■ **Task**
Nothing outside the stretch is wanted. Repeat exactly the lines of the listing below from the one that contains "#600 = CARTESIAN_POINT" through the one that contains "#24753 = VERTEX_POINT ( 'NONE', #37983 ) ;", both ends included.
* * *
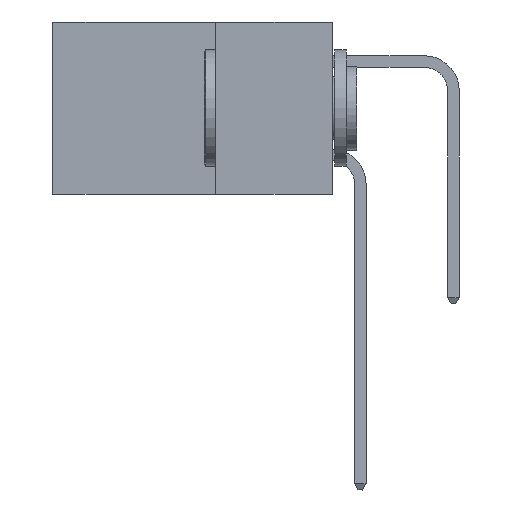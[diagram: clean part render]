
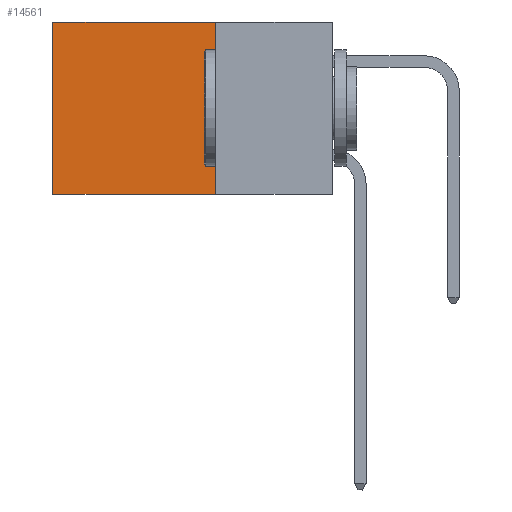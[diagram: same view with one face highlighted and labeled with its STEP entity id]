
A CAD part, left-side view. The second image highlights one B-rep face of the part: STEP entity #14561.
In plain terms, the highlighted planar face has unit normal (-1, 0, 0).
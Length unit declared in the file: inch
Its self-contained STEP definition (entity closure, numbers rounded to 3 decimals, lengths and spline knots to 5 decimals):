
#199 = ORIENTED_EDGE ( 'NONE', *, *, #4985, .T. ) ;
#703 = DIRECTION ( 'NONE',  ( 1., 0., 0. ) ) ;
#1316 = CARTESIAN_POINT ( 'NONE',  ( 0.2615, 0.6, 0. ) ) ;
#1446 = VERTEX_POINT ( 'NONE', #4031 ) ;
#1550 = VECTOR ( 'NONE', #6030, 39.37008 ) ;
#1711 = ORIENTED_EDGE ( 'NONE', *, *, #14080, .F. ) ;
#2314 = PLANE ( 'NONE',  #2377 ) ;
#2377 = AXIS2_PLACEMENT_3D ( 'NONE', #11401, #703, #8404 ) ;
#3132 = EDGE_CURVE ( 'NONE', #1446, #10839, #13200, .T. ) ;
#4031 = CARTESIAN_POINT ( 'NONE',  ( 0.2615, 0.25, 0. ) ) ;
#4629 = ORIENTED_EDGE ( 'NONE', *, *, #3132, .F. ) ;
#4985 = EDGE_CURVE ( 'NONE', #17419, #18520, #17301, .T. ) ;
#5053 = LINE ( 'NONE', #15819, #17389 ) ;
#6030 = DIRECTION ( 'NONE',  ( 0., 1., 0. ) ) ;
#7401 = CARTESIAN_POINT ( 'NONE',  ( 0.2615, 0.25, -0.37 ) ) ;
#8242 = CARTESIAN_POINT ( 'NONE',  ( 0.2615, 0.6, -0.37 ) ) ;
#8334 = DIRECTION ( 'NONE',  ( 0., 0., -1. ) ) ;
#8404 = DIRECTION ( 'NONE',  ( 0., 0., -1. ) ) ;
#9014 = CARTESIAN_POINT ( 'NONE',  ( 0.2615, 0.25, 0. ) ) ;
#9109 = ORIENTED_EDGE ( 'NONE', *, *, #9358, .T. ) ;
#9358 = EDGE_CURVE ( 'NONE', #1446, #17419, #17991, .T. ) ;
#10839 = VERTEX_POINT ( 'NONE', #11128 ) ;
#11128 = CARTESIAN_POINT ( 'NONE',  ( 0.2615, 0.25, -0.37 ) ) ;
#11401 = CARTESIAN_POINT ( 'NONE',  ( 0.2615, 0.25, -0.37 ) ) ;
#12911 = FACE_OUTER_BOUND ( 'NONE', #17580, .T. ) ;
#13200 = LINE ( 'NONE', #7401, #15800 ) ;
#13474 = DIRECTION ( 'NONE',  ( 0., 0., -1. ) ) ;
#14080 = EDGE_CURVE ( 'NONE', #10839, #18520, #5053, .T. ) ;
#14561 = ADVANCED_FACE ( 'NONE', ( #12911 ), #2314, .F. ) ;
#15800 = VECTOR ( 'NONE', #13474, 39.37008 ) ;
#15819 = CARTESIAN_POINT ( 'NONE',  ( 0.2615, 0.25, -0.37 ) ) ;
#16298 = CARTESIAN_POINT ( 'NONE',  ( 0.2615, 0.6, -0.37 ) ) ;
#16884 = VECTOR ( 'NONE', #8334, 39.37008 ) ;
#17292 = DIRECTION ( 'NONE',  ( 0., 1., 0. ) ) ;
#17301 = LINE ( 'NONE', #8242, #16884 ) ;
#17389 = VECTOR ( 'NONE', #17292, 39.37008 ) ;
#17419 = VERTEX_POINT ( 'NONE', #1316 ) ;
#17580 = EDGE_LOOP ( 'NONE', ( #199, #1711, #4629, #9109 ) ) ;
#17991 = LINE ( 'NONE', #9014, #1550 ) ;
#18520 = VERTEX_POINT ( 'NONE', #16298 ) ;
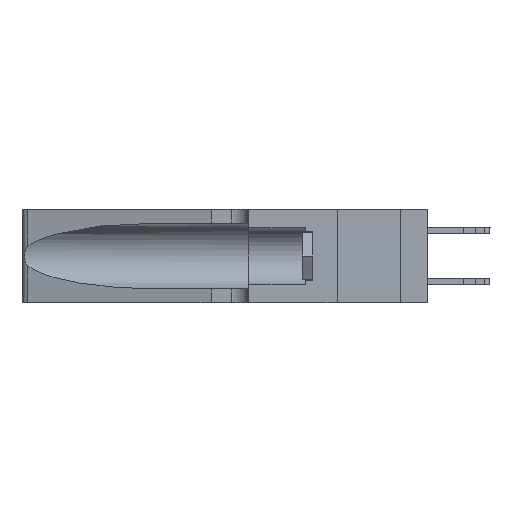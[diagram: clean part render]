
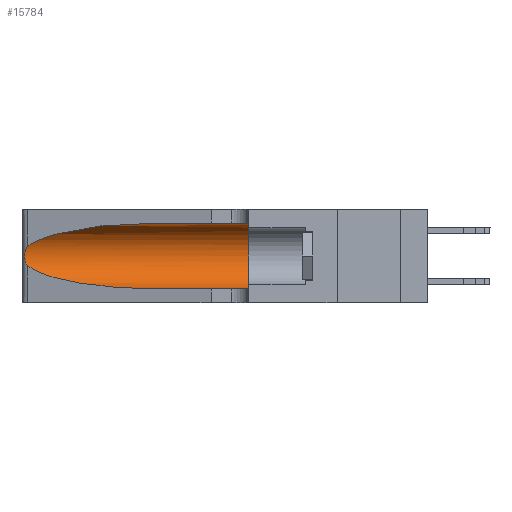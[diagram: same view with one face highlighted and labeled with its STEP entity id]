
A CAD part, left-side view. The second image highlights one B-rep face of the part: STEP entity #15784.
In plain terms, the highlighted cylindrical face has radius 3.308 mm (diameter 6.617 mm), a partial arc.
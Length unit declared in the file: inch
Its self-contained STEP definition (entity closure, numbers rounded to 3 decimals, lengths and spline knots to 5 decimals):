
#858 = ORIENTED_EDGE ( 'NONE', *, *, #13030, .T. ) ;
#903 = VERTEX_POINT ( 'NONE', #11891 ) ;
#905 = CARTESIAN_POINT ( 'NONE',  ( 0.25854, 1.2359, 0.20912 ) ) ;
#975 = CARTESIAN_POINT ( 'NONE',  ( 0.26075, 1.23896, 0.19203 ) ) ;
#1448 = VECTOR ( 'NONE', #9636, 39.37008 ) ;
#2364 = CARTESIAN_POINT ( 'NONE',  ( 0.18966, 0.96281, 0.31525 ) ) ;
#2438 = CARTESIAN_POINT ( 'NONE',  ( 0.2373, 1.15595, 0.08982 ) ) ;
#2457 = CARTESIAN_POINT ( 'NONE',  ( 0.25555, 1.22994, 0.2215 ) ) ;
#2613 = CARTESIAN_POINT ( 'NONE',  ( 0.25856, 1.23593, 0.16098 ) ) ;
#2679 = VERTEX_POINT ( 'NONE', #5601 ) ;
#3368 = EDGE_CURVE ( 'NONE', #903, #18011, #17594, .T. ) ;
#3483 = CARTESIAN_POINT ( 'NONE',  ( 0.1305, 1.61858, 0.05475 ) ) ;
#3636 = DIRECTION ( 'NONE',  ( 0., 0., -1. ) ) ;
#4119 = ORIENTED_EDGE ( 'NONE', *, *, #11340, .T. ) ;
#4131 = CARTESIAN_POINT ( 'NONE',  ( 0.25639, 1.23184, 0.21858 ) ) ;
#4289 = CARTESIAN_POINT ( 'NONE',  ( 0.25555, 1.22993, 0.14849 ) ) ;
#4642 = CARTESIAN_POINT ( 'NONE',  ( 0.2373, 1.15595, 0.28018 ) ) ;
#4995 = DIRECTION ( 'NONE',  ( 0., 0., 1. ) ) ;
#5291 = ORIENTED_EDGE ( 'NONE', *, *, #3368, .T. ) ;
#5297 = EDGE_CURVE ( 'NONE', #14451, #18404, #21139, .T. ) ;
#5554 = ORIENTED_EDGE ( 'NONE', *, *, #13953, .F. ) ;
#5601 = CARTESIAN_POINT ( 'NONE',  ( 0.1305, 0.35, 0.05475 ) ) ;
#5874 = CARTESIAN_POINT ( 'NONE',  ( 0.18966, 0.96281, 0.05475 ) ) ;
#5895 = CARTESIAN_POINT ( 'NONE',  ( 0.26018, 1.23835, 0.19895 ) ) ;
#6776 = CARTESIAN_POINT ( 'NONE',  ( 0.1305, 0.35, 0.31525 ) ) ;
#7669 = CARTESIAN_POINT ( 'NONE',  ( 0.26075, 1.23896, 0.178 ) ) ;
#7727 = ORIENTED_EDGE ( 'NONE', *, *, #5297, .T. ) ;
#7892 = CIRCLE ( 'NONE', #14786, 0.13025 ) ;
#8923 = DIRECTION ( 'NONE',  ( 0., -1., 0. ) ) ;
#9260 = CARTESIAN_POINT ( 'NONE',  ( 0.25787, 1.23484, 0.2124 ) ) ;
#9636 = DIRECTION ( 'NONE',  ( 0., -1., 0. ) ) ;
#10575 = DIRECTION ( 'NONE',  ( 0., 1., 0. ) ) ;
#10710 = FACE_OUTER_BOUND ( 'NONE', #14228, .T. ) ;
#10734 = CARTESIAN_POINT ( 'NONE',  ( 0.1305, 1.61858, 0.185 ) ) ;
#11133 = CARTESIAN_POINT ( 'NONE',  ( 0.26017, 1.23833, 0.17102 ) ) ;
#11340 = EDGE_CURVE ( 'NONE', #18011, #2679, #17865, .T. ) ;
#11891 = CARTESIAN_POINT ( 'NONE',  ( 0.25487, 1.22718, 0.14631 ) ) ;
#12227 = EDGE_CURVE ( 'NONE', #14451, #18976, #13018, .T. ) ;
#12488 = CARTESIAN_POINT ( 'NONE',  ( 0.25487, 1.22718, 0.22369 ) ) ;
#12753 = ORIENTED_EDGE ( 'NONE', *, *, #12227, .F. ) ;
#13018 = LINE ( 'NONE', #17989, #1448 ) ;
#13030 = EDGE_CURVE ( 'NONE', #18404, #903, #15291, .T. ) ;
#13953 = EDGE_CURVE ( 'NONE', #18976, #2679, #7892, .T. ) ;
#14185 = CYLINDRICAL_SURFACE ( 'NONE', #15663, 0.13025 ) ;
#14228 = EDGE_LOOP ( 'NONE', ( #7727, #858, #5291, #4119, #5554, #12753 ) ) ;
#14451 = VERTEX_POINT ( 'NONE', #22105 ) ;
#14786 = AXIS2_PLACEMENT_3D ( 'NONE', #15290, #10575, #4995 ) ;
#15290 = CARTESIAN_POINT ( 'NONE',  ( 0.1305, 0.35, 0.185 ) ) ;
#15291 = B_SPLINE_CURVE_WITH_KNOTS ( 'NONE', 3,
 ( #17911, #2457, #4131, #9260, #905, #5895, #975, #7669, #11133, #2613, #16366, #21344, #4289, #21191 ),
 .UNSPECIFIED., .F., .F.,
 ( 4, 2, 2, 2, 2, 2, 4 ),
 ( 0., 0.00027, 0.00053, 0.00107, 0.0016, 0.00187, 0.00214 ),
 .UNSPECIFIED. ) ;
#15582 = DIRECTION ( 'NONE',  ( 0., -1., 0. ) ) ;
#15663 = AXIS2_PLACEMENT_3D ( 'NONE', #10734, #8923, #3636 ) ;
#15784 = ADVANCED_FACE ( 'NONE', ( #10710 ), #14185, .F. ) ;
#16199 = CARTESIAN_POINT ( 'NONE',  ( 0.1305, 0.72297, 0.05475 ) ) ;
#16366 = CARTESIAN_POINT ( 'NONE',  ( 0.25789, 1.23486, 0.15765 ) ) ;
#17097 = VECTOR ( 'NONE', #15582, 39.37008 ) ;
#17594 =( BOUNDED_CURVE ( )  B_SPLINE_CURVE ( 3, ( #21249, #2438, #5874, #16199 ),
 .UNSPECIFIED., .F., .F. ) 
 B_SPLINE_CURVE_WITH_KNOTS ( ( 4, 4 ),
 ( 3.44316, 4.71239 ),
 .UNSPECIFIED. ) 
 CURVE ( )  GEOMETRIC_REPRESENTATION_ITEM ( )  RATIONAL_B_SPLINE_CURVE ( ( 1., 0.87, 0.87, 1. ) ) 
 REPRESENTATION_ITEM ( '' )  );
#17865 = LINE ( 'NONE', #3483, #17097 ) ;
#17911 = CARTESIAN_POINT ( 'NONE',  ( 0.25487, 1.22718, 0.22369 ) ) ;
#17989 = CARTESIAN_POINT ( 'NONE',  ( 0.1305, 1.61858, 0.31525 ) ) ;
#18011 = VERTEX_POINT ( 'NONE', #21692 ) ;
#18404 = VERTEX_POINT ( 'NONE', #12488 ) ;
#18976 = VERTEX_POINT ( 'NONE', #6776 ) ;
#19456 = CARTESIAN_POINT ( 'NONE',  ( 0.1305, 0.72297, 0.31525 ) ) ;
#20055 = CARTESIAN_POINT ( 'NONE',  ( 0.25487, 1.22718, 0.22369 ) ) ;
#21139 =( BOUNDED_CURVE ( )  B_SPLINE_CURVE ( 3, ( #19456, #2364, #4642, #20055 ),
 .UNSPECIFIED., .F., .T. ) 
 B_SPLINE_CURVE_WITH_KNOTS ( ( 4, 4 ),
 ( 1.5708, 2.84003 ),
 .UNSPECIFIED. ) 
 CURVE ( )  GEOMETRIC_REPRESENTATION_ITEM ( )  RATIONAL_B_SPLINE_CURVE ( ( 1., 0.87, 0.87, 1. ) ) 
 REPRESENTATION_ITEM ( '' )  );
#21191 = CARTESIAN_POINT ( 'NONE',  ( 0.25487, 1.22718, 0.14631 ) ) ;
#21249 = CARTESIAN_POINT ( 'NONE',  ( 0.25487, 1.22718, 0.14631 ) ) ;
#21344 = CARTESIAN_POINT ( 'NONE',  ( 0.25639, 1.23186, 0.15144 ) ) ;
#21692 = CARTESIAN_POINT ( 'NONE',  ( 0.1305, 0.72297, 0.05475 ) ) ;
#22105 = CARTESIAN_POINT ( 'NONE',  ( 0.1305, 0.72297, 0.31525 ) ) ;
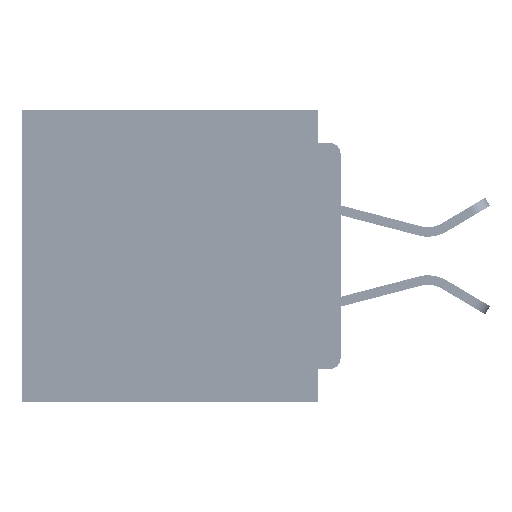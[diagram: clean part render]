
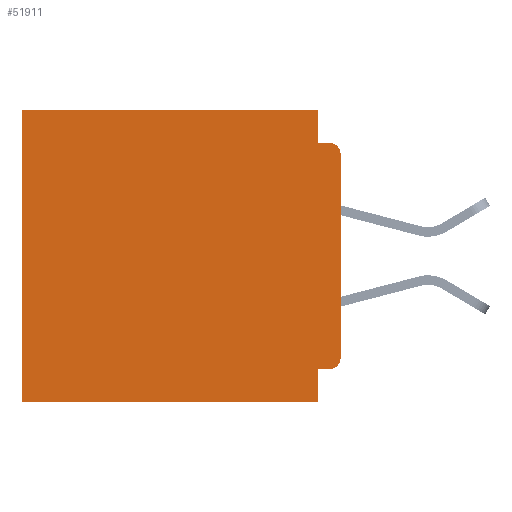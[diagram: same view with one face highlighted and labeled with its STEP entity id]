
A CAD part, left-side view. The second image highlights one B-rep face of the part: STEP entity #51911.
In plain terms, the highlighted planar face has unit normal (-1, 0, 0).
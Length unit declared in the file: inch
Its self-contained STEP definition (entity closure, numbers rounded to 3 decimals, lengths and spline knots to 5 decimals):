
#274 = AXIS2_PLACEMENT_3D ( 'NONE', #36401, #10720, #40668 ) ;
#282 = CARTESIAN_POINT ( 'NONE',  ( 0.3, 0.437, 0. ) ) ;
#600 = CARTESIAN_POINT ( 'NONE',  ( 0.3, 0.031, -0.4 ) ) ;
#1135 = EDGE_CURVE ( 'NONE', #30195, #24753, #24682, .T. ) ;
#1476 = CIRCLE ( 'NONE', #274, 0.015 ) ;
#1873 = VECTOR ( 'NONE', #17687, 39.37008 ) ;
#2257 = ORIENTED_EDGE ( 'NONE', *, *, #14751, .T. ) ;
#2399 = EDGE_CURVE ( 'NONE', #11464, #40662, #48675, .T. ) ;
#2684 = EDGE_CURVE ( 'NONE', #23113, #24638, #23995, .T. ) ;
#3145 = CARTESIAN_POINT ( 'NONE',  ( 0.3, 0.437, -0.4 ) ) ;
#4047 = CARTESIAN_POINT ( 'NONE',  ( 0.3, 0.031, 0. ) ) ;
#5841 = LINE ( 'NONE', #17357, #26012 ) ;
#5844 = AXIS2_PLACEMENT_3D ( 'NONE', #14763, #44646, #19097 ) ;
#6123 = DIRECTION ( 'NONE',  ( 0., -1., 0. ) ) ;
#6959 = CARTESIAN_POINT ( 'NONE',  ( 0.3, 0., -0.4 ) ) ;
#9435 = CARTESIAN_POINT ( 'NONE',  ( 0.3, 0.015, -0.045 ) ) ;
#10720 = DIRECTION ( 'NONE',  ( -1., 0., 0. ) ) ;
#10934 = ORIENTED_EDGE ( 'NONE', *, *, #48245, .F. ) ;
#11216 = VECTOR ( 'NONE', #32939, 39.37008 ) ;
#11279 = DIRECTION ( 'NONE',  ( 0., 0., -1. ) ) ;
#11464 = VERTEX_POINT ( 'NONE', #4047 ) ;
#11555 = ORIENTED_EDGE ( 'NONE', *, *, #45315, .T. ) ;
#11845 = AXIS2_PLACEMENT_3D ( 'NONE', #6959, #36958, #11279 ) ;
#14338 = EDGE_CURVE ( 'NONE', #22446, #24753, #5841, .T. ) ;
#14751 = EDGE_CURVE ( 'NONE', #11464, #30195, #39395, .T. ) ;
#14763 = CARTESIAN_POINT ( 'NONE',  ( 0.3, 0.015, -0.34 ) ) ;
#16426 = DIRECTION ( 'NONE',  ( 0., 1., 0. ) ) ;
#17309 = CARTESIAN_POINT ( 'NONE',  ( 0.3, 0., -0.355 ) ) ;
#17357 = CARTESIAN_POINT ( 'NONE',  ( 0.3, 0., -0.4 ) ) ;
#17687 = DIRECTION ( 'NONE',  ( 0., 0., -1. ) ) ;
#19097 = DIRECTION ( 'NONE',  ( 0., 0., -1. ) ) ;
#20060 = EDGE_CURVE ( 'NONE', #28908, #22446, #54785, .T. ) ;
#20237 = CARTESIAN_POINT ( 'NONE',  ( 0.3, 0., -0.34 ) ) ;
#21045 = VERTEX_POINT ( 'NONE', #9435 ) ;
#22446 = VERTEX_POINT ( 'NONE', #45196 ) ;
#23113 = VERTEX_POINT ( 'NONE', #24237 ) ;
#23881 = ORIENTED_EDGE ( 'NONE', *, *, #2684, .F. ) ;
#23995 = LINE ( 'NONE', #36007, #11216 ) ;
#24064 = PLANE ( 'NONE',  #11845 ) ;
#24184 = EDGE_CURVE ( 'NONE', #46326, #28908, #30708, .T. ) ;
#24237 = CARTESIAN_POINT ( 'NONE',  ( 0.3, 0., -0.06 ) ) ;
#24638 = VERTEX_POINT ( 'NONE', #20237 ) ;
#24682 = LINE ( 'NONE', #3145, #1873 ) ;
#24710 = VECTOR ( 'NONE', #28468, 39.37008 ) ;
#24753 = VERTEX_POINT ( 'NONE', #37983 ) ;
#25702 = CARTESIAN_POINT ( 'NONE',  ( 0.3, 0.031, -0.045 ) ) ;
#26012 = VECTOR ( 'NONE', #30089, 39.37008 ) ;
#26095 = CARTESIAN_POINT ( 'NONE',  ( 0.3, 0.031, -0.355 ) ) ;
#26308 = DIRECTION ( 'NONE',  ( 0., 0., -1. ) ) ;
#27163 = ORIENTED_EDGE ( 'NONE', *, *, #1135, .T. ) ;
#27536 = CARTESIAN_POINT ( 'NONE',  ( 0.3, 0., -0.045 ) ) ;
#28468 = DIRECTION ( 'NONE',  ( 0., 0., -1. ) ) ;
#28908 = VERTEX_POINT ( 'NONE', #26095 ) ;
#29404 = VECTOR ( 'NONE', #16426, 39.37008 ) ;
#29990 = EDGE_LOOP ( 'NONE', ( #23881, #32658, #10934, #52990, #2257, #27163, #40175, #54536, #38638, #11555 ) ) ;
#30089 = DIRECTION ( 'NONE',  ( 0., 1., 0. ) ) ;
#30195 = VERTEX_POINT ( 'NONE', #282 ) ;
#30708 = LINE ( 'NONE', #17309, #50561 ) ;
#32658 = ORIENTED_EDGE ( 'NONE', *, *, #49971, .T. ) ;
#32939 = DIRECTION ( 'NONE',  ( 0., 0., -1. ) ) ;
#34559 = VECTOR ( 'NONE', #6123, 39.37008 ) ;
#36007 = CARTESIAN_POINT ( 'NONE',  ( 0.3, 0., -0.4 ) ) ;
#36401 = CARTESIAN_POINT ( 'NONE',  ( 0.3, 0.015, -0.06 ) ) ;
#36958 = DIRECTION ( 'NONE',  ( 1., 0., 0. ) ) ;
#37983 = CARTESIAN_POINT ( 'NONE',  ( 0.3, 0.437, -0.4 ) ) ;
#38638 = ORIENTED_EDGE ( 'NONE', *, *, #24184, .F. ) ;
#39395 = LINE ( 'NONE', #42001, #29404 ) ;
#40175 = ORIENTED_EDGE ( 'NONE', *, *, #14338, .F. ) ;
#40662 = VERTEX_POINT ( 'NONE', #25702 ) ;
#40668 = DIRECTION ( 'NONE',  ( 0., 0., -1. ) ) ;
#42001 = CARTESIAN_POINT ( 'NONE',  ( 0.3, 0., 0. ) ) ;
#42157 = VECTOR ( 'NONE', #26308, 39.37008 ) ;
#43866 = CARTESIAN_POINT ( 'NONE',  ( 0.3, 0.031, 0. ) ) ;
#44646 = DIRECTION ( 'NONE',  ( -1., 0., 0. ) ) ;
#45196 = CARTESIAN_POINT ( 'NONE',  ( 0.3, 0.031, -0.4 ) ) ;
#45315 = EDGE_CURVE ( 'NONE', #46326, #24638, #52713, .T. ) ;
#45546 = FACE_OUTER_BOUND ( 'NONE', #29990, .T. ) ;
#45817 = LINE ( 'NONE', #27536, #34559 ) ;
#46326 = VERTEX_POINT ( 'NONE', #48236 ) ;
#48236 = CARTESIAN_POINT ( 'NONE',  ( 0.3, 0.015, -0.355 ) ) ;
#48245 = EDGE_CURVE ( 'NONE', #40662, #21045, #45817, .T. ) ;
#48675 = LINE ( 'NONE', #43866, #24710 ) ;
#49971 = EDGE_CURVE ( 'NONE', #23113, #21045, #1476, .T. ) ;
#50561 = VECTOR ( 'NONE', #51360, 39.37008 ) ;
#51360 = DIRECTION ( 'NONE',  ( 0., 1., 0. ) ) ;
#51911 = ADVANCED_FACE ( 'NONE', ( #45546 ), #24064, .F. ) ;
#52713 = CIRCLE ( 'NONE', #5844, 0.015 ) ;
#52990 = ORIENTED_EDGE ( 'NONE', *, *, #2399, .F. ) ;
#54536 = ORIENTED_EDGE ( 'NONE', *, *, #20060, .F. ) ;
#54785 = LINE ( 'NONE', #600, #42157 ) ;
* * *
■ **Solution to this exercise**
#600 = CARTESIAN_POINT ( 'NONE',  ( 0.3, 0.031, -0.4 ) ) ;
#1135 = EDGE_CURVE ( 'NONE', #30195, #24753, #24682, .T. ) ;
#1476 = CIRCLE ( 'NONE', #274, 0.015 ) ;
#1873 = VECTOR ( 'NONE', #17687, 39.37008 ) ;
#2257 = ORIENTED_EDGE ( 'NONE', *, *, #14751, .T. ) ;
#2399 = EDGE_CURVE ( 'NONE', #11464, #40662, #48675, .T. ) ;
#2684 = EDGE_CURVE ( 'NONE', #23113, #24638, #23995, .T. ) ;
#3145 = CARTESIAN_POINT ( 'NONE',  ( 0.3, 0.437, -0.4 ) ) ;
#4047 = CARTESIAN_POINT ( 'NONE',  ( 0.3, 0.031, 0. ) ) ;
#5841 = LINE ( 'NONE', #17357, #26012 ) ;
#5844 = AXIS2_PLACEMENT_3D ( 'NONE', #14763, #44646, #19097 ) ;
#6123 = DIRECTION ( 'NONE',  ( 0., -1., 0. ) ) ;
#6959 = CARTESIAN_POINT ( 'NONE',  ( 0.3, 0., -0.4 ) ) ;
#9435 = CARTESIAN_POINT ( 'NONE',  ( 0.3, 0.015, -0.045 ) ) ;
#10720 = DIRECTION ( 'NONE',  ( -1., 0., 0. ) ) ;
#10934 = ORIENTED_EDGE ( 'NONE', *, *, #48245, .F. ) ;
#11216 = VECTOR ( 'NONE', #32939, 39.37008 ) ;
#11279 = DIRECTION ( 'NONE',  ( 0., 0., -1. ) ) ;
#11464 = VERTEX_POINT ( 'NONE', #4047 ) ;
#11555 = ORIENTED_EDGE ( 'NONE', *, *, #45315, .T. ) ;
#11845 = AXIS2_PLACEMENT_3D ( 'NONE', #6959, #36958, #11279 ) ;
#14338 = EDGE_CURVE ( 'NONE', #22446, #24753, #5841, .T. ) ;
#14751 = EDGE_CURVE ( 'NONE', #11464, #30195, #39395, .T. ) ;
#14763 = CARTESIAN_POINT ( 'NONE',  ( 0.3, 0.015, -0.34 ) ) ;
#16426 = DIRECTION ( 'NONE',  ( 0., 1., 0. ) ) ;
#17309 = CARTESIAN_POINT ( 'NONE',  ( 0.3, 0., -0.355 ) ) ;
#17357 = CARTESIAN_POINT ( 'NONE',  ( 0.3, 0., -0.4 ) ) ;
#17687 = DIRECTION ( 'NONE',  ( 0., 0., -1. ) ) ;
#19097 = DIRECTION ( 'NONE',  ( 0., 0., -1. ) ) ;
#20060 = EDGE_CURVE ( 'NONE', #28908, #22446, #54785, .T. ) ;
#20237 = CARTESIAN_POINT ( 'NONE',  ( 0.3, 0., -0.34 ) ) ;
#21045 = VERTEX_POINT ( 'NONE', #9435 ) ;
#22446 = VERTEX_POINT ( 'NONE', #45196 ) ;
#23113 = VERTEX_POINT ( 'NONE', #24237 ) ;
#23881 = ORIENTED_EDGE ( 'NONE', *, *, #2684, .F. ) ;
#23995 = LINE ( 'NONE', #36007, #11216 ) ;
#24064 = PLANE ( 'NONE',  #11845 ) ;
#24184 = EDGE_CURVE ( 'NONE', #46326, #28908, #30708, .T. ) ;
#24237 = CARTESIAN_POINT ( 'NONE',  ( 0.3, 0., -0.06 ) ) ;
#24638 = VERTEX_POINT ( 'NONE', #20237 ) ;
#24682 = LINE ( 'NONE', #3145, #1873 ) ;
#24710 = VECTOR ( 'NONE', #28468, 39.37008 ) ;
#24753 = VERTEX_POINT ( 'NONE', #37983 ) ;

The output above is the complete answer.